This utilitarian theory is quite clearly seen in the story. Jackson does not tell us why there is a need for the lottery, merely that it is deemed necessary to the community in question. Thus, one unfortunate person is sacrificed annually in order to produce the greatest happiness for the greatest number of people in the community. However, the question begs to be asked: can any amount of collective happiness justify the cold execution of an innocent? Perhaps the main reason Jackson does not provide a rationale for the lottery is to illustrate the dangers of such thinking.

Another name in the story, Martin, may be a reference to Martin Luther, the originator of the Protestant Reformation in the 16th century. Martin Luther's teachings about sanctification and his exposure of internal ecclesiastical corruption became highly popular with congregations in England. Eventually, armed with the teachings of Martin Luther and John Calvin as inspiration, Puritans (those who believed in purifying the church from within) made their way to New England. In the 1630s, almost 20,000 Puritans set sail for New England. Yet, in their fervent desire to purify the church, Puritans often became intransigent in spiritual matters.
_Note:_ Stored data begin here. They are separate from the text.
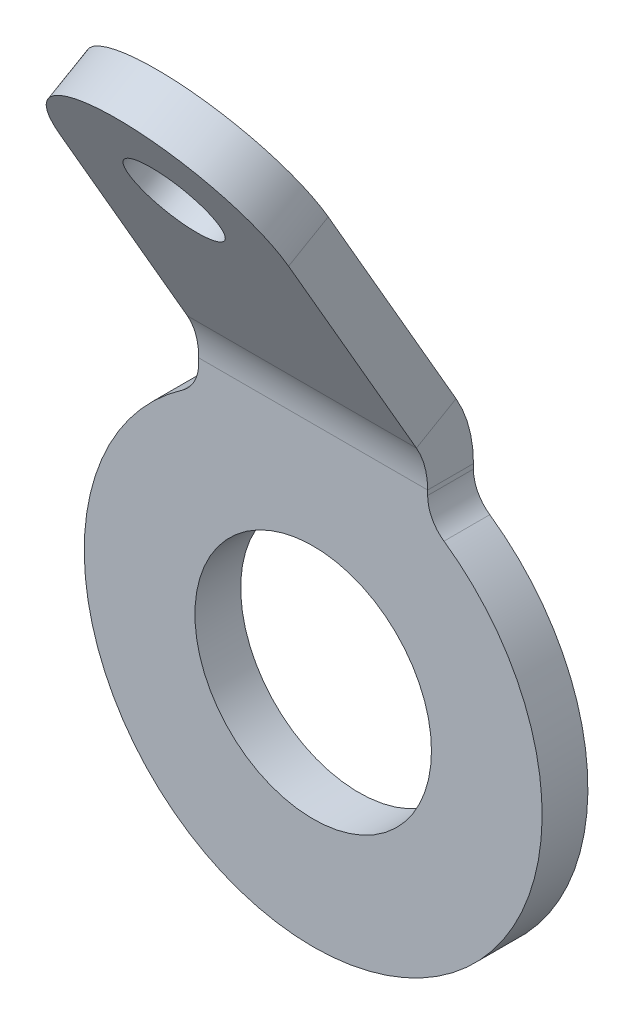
ISO-10303-21;
HEADER;
FILE_DESCRIPTION(('STEP AP214'),'2;1');
FILE_NAME('part.step','',(''),(''),'','','');
FILE_SCHEMA(('AUTOMOTIVE_DESIGN { 1 0 10303 214 1 1 1 1 }'));
ENDSEC;
DATA;
#1=APPLICATION_CONTEXT('core data for automotive mechanical design processes');
#2=APPLICATION_PROTOCOL_DEFINITION('international standard','automotive_design',2000,#1);
#3=PRODUCT_CONTEXT('',#1,'mechanical');
#4=PRODUCT('Part','Part','',(#3));
#5=PRODUCT_RELATED_PRODUCT_CATEGORY('part','',(#4));
#6=PRODUCT_DEFINITION_FORMATION('','',#4);
#7=PRODUCT_DEFINITION_CONTEXT('part definition',#1,'design');
#8=PRODUCT_DEFINITION('design','',#6,#7);
#9=PRODUCT_DEFINITION_SHAPE('','',#8);
#10=(LENGTH_UNIT() NAMED_UNIT(*) SI_UNIT(.MILLI.,.METRE.));
#11=(NAMED_UNIT(*) PLANE_ANGLE_UNIT() SI_UNIT($,.RADIAN.));
#12=(NAMED_UNIT(*) SI_UNIT($,.STERADIAN.) SOLID_ANGLE_UNIT());
#13=UNCERTAINTY_MEASURE_WITH_UNIT(LENGTH_MEASURE(1.E-05),#10,'distance_accuracy_value','');
#14=(GEOMETRIC_REPRESENTATION_CONTEXT(3) GLOBAL_UNCERTAINTY_ASSIGNED_CONTEXT((#13)) GLOBAL_UNIT_ASSIGNED_CONTEXT((#10,
#11,#12)) REPRESENTATION_CONTEXT('',''));
#15=CARTESIAN_POINT('',(0.,0.,0.));
#16=DIRECTION('',(0.,0.,1.));
#17=DIRECTION('',(1.,0.,0.));
#18=AXIS2_PLACEMENT_3D('',#15,#16,#17);
#19=CARTESIAN_POINT('',(0.,6.38605231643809,1.82237794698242));
#20=DIRECTION('',(0.,0.500000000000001,-0.866025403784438));
#21=DIRECTION('',(-1.,0.,0.));
#22=AXIS2_PLACEMENT_3D('',#19,#20,#21);
#23=PLANE('',#22);
#24=CARTESIAN_POINT('',(0.,6.38605231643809,1.82237794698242));
#25=DIRECTION('',(0.,-0.500000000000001,0.866025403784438));
#26=DIRECTION('',(1.,0.,0.));
#27=AXIS2_PLACEMENT_3D('',#24,#25,#26);
#28=CIRCLE('',#27,0.6);
#29=CARTESIAN_POINT('',(0.6,6.38605231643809,1.82237794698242));
#30=VERTEX_POINT('',#29);
#31=EDGE_CURVE('E184',#30,#30,#28,.T.);
#32=ORIENTED_EDGE('',*,*,#31,.F.);
#33=EDGE_LOOP('',(#32));
#34=FACE_BOUND('',#33,.T.);
#35=DIRECTION('',(0.,-0.866025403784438,-0.500000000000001));
#36=VECTOR('',#35,1.);
#37=CARTESIAN_POINT('',(-1.5,2.57387448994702,-0.378583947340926));
#38=LINE('',#37,#36);
#39=CARTESIAN_POINT('',(-1.5,6.38605231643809,1.82237794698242));
#40=VERTEX_POINT('',#39);
#41=CARTESIAN_POINT('',(-1.5,3.48485700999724,0.147372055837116));
#42=VERTEX_POINT('',#41);
#43=EDGE_CURVE('E59',#40,#42,#38,.T.);
#44=ORIENTED_EDGE('',*,*,#43,.T.);
#45=DIRECTION('',(1.,0.,0.));
#46=VECTOR('',#45,1.);
#47=CARTESIAN_POINT('',(0.,3.48485700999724,0.147372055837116));
#48=LINE('',#47,#46);
#49=CARTESIAN_POINT('',(1.5,3.48485700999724,0.147372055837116));
#50=VERTEX_POINT('',#49);
#51=EDGE_CURVE('E51',#42,#50,#48,.T.);
#52=ORIENTED_EDGE('',*,*,#51,.T.);
#53=DIRECTION('',(0.,0.866025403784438,0.500000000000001));
#54=VECTOR('',#53,1.);
#55=CARTESIAN_POINT('',(1.5,2.57387448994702,-0.378583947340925));
#56=LINE('',#55,#54);
#57=CARTESIAN_POINT('',(1.5,6.38605231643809,1.82237794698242));
#58=VERTEX_POINT('',#57);
#59=EDGE_CURVE('E67',#50,#58,#56,.T.);
#60=ORIENTED_EDGE('',*,*,#59,.T.);
#61=CARTESIAN_POINT('',(0.,6.38605231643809,1.82237794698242));
#62=DIRECTION('',(0.,-0.500000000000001,0.866025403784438));
#63=DIRECTION('',(-1.,0.,0.));
#64=AXIS2_PLACEMENT_3D('',#61,#62,#63);
#65=CIRCLE('',#64,1.5);
#66=EDGE_CURVE('E183',#58,#40,#65,.T.);
#67=ORIENTED_EDGE('',*,*,#66,.T.);
#68=EDGE_LOOP('',(#44,#52,#60,#67));
#69=FACE_BOUND('',#68,.T.);
#70=ADVANCED_FACE('F42',(#34,#69),#23,.F.);
#71=CARTESIAN_POINT('',(0.,6.68605231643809,1.30276270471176));
#72=DIRECTION('',(0.,-0.500000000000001,0.866025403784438));
#73=DIRECTION('',(1.,0.,0.));
#74=AXIS2_PLACEMENT_3D('',#71,#72,#73);
#75=CYLINDRICAL_SURFACE('',#74,1.5);
#76=ORIENTED_EDGE('',*,*,#66,.F.);
#77=DIRECTION('',(0.,-0.500000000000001,0.866025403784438));
#78=VECTOR('',#77,1.);
#79=CARTESIAN_POINT('',(1.5,6.68605231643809,1.30276270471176));
#80=LINE('',#79,#78);
#81=CARTESIAN_POINT('',(1.5,6.68605231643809,1.30276270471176));
#82=VERTEX_POINT('',#81);
#83=EDGE_CURVE('E193',#82,#58,#80,.T.);
#84=ORIENTED_EDGE('',*,*,#83,.F.);
#85=CARTESIAN_POINT('',(0.,6.68605231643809,1.30276270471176));
#86=DIRECTION('',(0.,-0.500000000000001,0.866025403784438));
#87=DIRECTION('',(-1.,0.,0.));
#88=AXIS2_PLACEMENT_3D('',#85,#86,#87);
#89=CIRCLE('',#88,1.5);
#90=CARTESIAN_POINT('',(-1.5,6.68605231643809,1.30276270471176));
#91=VERTEX_POINT('',#90);
#92=EDGE_CURVE('E188',#82,#91,#89,.T.);
#93=ORIENTED_EDGE('',*,*,#92,.T.);
#94=DIRECTION('',(0.,-0.500000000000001,0.866025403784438));
#95=VECTOR('',#94,1.);
#96=CARTESIAN_POINT('',(-1.5,6.68605231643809,1.30276270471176));
#97=LINE('',#96,#95);
#98=EDGE_CURVE('E195',#91,#40,#97,.T.);
#99=ORIENTED_EDGE('',*,*,#98,.T.);
#100=EDGE_LOOP('',(#76,#84,#93,#99));
#101=FACE_BOUND('',#100,.T.);
#102=ADVANCED_FACE('F210',(#101),#75,.T.);
#103=CARTESIAN_POINT('',(1.5,2.87387448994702,-0.898199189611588));
#104=DIRECTION('',(1.,0.,0.));
#105=DIRECTION('',(0.,0.866025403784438,0.500000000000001));
#106=AXIS2_PLACEMENT_3D('',#103,#104,#105);
#107=PLANE('',#106);
#108=DIRECTION('',(0.,-0.500000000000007,0.866025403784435));
#109=VECTOR('',#108,1.);
#110=CARTESIAN_POINT('',(1.5,3.78485700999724,-0.372243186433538));
#111=LINE('',#110,#109);
#112=CARTESIAN_POINT('',(1.5,3.78485700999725,-0.372243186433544));
#113=VERTEX_POINT('',#112);
#114=EDGE_CURVE('E198',#113,#50,#111,.T.);
#115=ORIENTED_EDGE('',*,*,#114,.F.);
#116=DIRECTION('',(0.,0.866025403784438,0.500000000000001));
#117=VECTOR('',#116,1.);
#118=CARTESIAN_POINT('',(1.5,2.87387448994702,-0.898199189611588));
#119=LINE('',#118,#117);
#120=EDGE_CURVE('E46',#113,#82,#119,.T.);
#121=ORIENTED_EDGE('',*,*,#120,.T.);
#122=ORIENTED_EDGE('',*,*,#83,.T.);
#123=ORIENTED_EDGE('',*,*,#59,.F.);
#124=EDGE_LOOP('',(#115,#121,#122,#123));
#125=FACE_BOUND('',#124,.T.);
#126=ADVANCED_FACE('F206',(#125),#107,.T.);
#127=CARTESIAN_POINT('',(-1.5,2.87387448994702,-0.898199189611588));
#128=DIRECTION('',(-1.,0.,0.));
#129=DIRECTION('',(0.,-0.866025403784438,-0.500000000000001));
#130=AXIS2_PLACEMENT_3D('',#127,#128,#129);
#131=PLANE('',#130);
#132=DIRECTION('',(0.,0.500000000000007,-0.866025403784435));
#133=VECTOR('',#132,1.);
#134=CARTESIAN_POINT('',(-1.5,3.78485700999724,-0.372243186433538));
#135=LINE('',#134,#133);
#136=CARTESIAN_POINT('',(-1.5,3.78485700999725,-0.372243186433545));
#137=VERTEX_POINT('',#136);
#138=EDGE_CURVE('E12',#42,#137,#135,.T.);
#139=ORIENTED_EDGE('',*,*,#138,.F.);
#140=ORIENTED_EDGE('',*,*,#43,.F.);
#141=ORIENTED_EDGE('',*,*,#98,.F.);
#142=DIRECTION('',(0.,-0.866025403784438,-0.500000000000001));
#143=VECTOR('',#142,1.);
#144=CARTESIAN_POINT('',(-1.5,2.87387448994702,-0.898199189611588));
#145=LINE('',#144,#143);
#146=EDGE_CURVE('E191',#91,#137,#145,.T.);
#147=ORIENTED_EDGE('',*,*,#146,.T.);
#148=EDGE_LOOP('',(#139,#140,#141,#147));
#149=FACE_BOUND('',#148,.T.);
#150=ADVANCED_FACE('F44',(#149),#131,.T.);
#151=CARTESIAN_POINT('',(0.,6.68605231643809,1.30276270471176));
#152=DIRECTION('',(0.,0.500000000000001,-0.866025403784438));
#153=DIRECTION('',(-1.,0.,0.));
#154=AXIS2_PLACEMENT_3D('',#151,#152,#153);
#155=PLANE('',#154);
#156=DIRECTION('',(1.,0.,0.));
#157=VECTOR('',#156,1.);
#158=CARTESIAN_POINT('',(0.,3.78485700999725,-0.372243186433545));
#159=LINE('',#158,#157);
#160=EDGE_CURVE('E143',#137,#113,#159,.T.);
#161=ORIENTED_EDGE('',*,*,#160,.F.);
#162=ORIENTED_EDGE('',*,*,#146,.F.);
#163=ORIENTED_EDGE('',*,*,#92,.F.);
#164=ORIENTED_EDGE('',*,*,#120,.F.);
#165=EDGE_LOOP('',(#161,#162,#163,#164));
#166=FACE_BOUND('',#165,.T.);
#167=CARTESIAN_POINT('',(0.,6.68605231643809,1.30276270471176));
#168=DIRECTION('',(0.,-0.500000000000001,0.866025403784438));
#169=DIRECTION('',(1.,0.,0.));
#170=AXIS2_PLACEMENT_3D('',#167,#168,#169);
#171=CIRCLE('',#170,0.6);
#172=CARTESIAN_POINT('',(0.6,6.68605231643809,1.30276270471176));
#173=VERTEX_POINT('',#172);
#174=EDGE_CURVE('E180',#173,#173,#171,.T.);
#175=ORIENTED_EDGE('',*,*,#174,.T.);
#176=EDGE_LOOP('',(#175));
#177=FACE_BOUND('',#176,.T.);
#178=ADVANCED_FACE('F280',(#166,#177),#155,.T.);
#179=CARTESIAN_POINT('',(0.,6.68605231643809,1.30276270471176));
#180=DIRECTION('',(0.,-0.500000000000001,0.866025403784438));
#181=DIRECTION('',(1.,0.,0.));
#182=AXIS2_PLACEMENT_3D('',#179,#180,#181);
#183=CYLINDRICAL_SURFACE('',#182,0.6);
#184=ORIENTED_EDGE('',*,*,#174,.F.);
#185=EDGE_LOOP('',(#184));
#186=FACE_BOUND('',#185,.T.);
#187=ORIENTED_EDGE('',*,*,#31,.T.);
#188=EDGE_LOOP('',(#187));
#189=FACE_BOUND('',#188,.T.);
#190=ADVANCED_FACE('F282',(#186,#189),#183,.F.);
#191=CARTESIAN_POINT('',(-2.,2.87228132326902,-0.6));
#192=DIRECTION('',(0.,0.,1.));
#193=DIRECTION('',(1.,0.,0.));
#194=AXIS2_PLACEMENT_3D('',#191,#192,#193);
#195=CYLINDRICAL_SURFACE('',#194,0.5);
#196=CARTESIAN_POINT('',(-2.,2.87228132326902,-0.6));
#197=DIRECTION('',(0.,0.,-1.));
#198=DIRECTION('',(-1.,0.,0.));
#199=AXIS2_PLACEMENT_3D('',#196,#197,#198);
#200=CIRCLE('',#199,0.5);
#201=CARTESIAN_POINT('',(-1.71428571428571,2.46195541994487,-0.6));
#202=VERTEX_POINT('',#201);
#203=CARTESIAN_POINT('',(-1.5,2.87228132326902,-0.6));
#204=VERTEX_POINT('',#203);
#205=EDGE_CURVE('E160',#202,#204,#200,.F.);
#206=ORIENTED_EDGE('',*,*,#205,.F.);
#207=DIRECTION('',(0.,0.,1.));
#208=VECTOR('',#207,1.);
#209=CARTESIAN_POINT('',(-1.71428571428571,2.46195541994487,-0.6));
#210=LINE('',#209,#208);
#211=CARTESIAN_POINT('',(-1.71428571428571,2.46195541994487,0.));
#212=VERTEX_POINT('',#211);
#213=EDGE_CURVE('E171',#212,#202,#210,.F.);
#214=ORIENTED_EDGE('',*,*,#213,.F.);
#215=CARTESIAN_POINT('',(-2.,2.87228132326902,0.));
#216=DIRECTION('',(0.,0.,-1.));
#217=DIRECTION('',(-1.,0.,0.));
#218=AXIS2_PLACEMENT_3D('',#215,#216,#217);
#219=CIRCLE('',#218,0.5);
#220=CARTESIAN_POINT('',(-1.5,2.87228132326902,0.));
#221=VERTEX_POINT('',#220);
#222=EDGE_CURVE('E238',#221,#212,#219,.T.);
#223=ORIENTED_EDGE('',*,*,#222,.F.);
#224=DIRECTION('',(0.,0.,-1.));
#225=VECTOR('',#224,1.);
#226=CARTESIAN_POINT('',(-1.5,2.87228132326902,0.));
#227=LINE('',#226,#225);
#228=EDGE_CURVE('E187',#204,#221,#227,.F.);
#229=ORIENTED_EDGE('',*,*,#228,.F.);
#230=EDGE_LOOP('',(#206,#214,#223,#229));
#231=FACE_BOUND('',#230,.T.);
#232=ADVANCED_FACE('F252',(#231),#195,.F.);
#233=CARTESIAN_POINT('',(0.,0.,-0.6));
#234=DIRECTION('',(0.,0.,1.));
#235=DIRECTION('',(1.,0.,0.));
#236=AXIS2_PLACEMENT_3D('',#233,#234,#235);
#237=CYLINDRICAL_SURFACE('',#236,3.);
#238=CARTESIAN_POINT('',(0.,0.,-0.6));
#239=DIRECTION('',(0.,0.,1.));
#240=DIRECTION('',(1.,0.,0.));
#241=AXIS2_PLACEMENT_3D('',#238,#239,#240);
#242=CIRCLE('',#241,3.);
#243=CARTESIAN_POINT('',(1.71428571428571,2.46195541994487,-0.6));
#244=VERTEX_POINT('',#243);
#245=EDGE_CURVE('E176',#202,#244,#242,.T.);
#246=ORIENTED_EDGE('',*,*,#245,.T.);
#247=DIRECTION('',(0.,0.,1.));
#248=VECTOR('',#247,1.);
#249=CARTESIAN_POINT('',(1.71428571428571,2.46195541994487,-0.6));
#250=LINE('',#249,#248);
#251=CARTESIAN_POINT('',(1.71428571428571,2.46195541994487,0.));
#252=VERTEX_POINT('',#251);
#253=EDGE_CURVE('E173',#244,#252,#250,.T.);
#254=ORIENTED_EDGE('',*,*,#253,.T.);
#255=CARTESIAN_POINT('',(0.,0.,0.));
#256=DIRECTION('',(0.,0.,1.));
#257=DIRECTION('',(1.,0.,0.));
#258=AXIS2_PLACEMENT_3D('',#255,#256,#257);
#259=CIRCLE('',#258,3.);
#260=EDGE_CURVE('E235',#212,#252,#259,.T.);
#261=ORIENTED_EDGE('',*,*,#260,.F.);
#262=ORIENTED_EDGE('',*,*,#213,.T.);
#263=EDGE_LOOP('',(#246,#254,#261,#262));
#264=FACE_BOUND('',#263,.T.);
#265=ADVANCED_FACE('F257',(#264),#237,.T.);
#266=CARTESIAN_POINT('',(2.,2.87228132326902,-0.6));
#267=DIRECTION('',(0.,0.,1.));
#268=DIRECTION('',(1.,0.,0.));
#269=AXIS2_PLACEMENT_3D('',#266,#267,#268);
#270=CYLINDRICAL_SURFACE('',#269,0.5);
#271=CARTESIAN_POINT('',(2.,2.87228132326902,-0.6));
#272=DIRECTION('',(0.,0.,-1.));
#273=DIRECTION('',(-1.,0.,0.));
#274=AXIS2_PLACEMENT_3D('',#271,#272,#273);
#275=CIRCLE('',#274,0.5);
#276=CARTESIAN_POINT('',(1.5,2.87228132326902,-0.6));
#277=VERTEX_POINT('',#276);
#278=EDGE_CURVE('E155',#277,#244,#275,.F.);
#279=ORIENTED_EDGE('',*,*,#278,.F.);
#280=DIRECTION('',(0.,0.,-1.));
#281=VECTOR('',#280,1.);
#282=CARTESIAN_POINT('',(1.5,2.87228132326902,-0.6));
#283=LINE('',#282,#281);
#284=CARTESIAN_POINT('',(1.5,2.87228132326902,0.));
#285=VERTEX_POINT('',#284);
#286=EDGE_CURVE('E133',#285,#277,#283,.T.);
#287=ORIENTED_EDGE('',*,*,#286,.F.);
#288=CARTESIAN_POINT('',(2.,2.87228132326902,0.));
#289=DIRECTION('',(0.,0.,-1.));
#290=DIRECTION('',(-1.,0.,0.));
#291=AXIS2_PLACEMENT_3D('',#288,#289,#290);
#292=CIRCLE('',#291,0.5);
#293=EDGE_CURVE('E233',#252,#285,#292,.T.);
#294=ORIENTED_EDGE('',*,*,#293,.F.);
#295=ORIENTED_EDGE('',*,*,#253,.F.);
#296=EDGE_LOOP('',(#279,#287,#294,#295));
#297=FACE_BOUND('',#296,.T.);
#298=ADVANCED_FACE('F259',(#297),#270,.F.);
#299=CARTESIAN_POINT('',(0.,0.,-0.6));
#300=DIRECTION('',(0.,0.,1.));
#301=DIRECTION('',(1.,0.,0.));
#302=AXIS2_PLACEMENT_3D('',#299,#300,#301);
#303=CYLINDRICAL_SURFACE('',#302,1.55);
#304=CARTESIAN_POINT('',(0.,0.,-0.6));
#305=DIRECTION('',(0.,0.,1.));
#306=DIRECTION('',(1.,0.,0.));
#307=AXIS2_PLACEMENT_3D('',#304,#305,#306);
#308=CIRCLE('',#307,1.55);
#309=CARTESIAN_POINT('',(1.55,0.,-0.6));
#310=VERTEX_POINT('',#309);
#311=EDGE_CURVE('E156',#310,#310,#308,.T.);
#312=ORIENTED_EDGE('',*,*,#311,.F.);
#313=EDGE_LOOP('',(#312));
#314=FACE_BOUND('',#313,.T.);
#315=CARTESIAN_POINT('',(0.,0.,0.));
#316=DIRECTION('',(0.,0.,1.));
#317=DIRECTION('',(1.,0.,0.));
#318=AXIS2_PLACEMENT_3D('',#315,#316,#317);
#319=CIRCLE('',#318,1.55);
#320=CARTESIAN_POINT('',(1.55,0.,0.));
#321=VERTEX_POINT('',#320);
#322=EDGE_CURVE('E168',#321,#321,#319,.T.);
#323=ORIENTED_EDGE('',*,*,#322,.T.);
#324=EDGE_LOOP('',(#323));
#325=FACE_BOUND('',#324,.T.);
#326=ADVANCED_FACE('F261',(#314,#325),#303,.F.);
#327=CARTESIAN_POINT('',(0.,7.,-0.6));
#328=DIRECTION('',(0.,0.,-1.));
#329=DIRECTION('',(-1.,0.,0.));
#330=AXIS2_PLACEMENT_3D('',#327,#328,#329);
#331=PLANE('',#330);
#332=ORIENTED_EDGE('',*,*,#311,.T.);
#333=EDGE_LOOP('',(#332));
#334=FACE_BOUND('',#333,.T.);
#335=DIRECTION('',(0.,-1.,0.));
#336=VECTOR('',#335,1.);
#337=CARTESIAN_POINT('',(-1.5,2.59807621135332,-0.6));
#338=LINE('',#337,#336);
#339=CARTESIAN_POINT('',(-1.5,2.93485700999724,-0.6));
#340=VERTEX_POINT('',#339);
#341=EDGE_CURVE('E153',#340,#204,#338,.T.);
#342=ORIENTED_EDGE('',*,*,#341,.F.);
#343=DIRECTION('',(1.,0.,0.));
#344=VECTOR('',#343,1.);
#345=CARTESIAN_POINT('',(0.,2.93485700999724,-0.6));
#346=LINE('',#345,#344);
#347=CARTESIAN_POINT('',(1.5,2.93485700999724,-0.6));
#348=VERTEX_POINT('',#347);
#349=EDGE_CURVE('E141',#340,#348,#346,.T.);
#350=ORIENTED_EDGE('',*,*,#349,.T.);
#351=DIRECTION('',(0.,1.,0.));
#352=VECTOR('',#351,1.);
#353=CARTESIAN_POINT('',(1.5,2.59807621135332,-0.6));
#354=LINE('',#353,#352);
#355=EDGE_CURVE('E134',#277,#348,#354,.T.);
#356=ORIENTED_EDGE('',*,*,#355,.F.);
#357=ORIENTED_EDGE('',*,*,#278,.T.);
#358=ORIENTED_EDGE('',*,*,#245,.F.);
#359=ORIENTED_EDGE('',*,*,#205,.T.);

To illustrate the dangers of such intransigence, it is noteworthy that Jackson includes the name Hutchinson in the story. The name is quite possibly a reference to Anne Hutchinson, a New England religious leader who settled in the Massachusetts Bay Colony in 1634. As a leader, Anne advocated a different approach to personal salvation: she posited that good works alone could not lead to salvation. Resolutely, she stressed the importance of an individual's personal religious experience over the ecclesiastical authority of the minister's. This led to conflict within the colony and eventually caused Anne to be excommunicated from the Church of Boston. Thus, it is fitting that, in Jackson's story, Tessie Hutchinson is the one chosen for execution. Like Anne before her, Tessie is rejected and disposed of by the community.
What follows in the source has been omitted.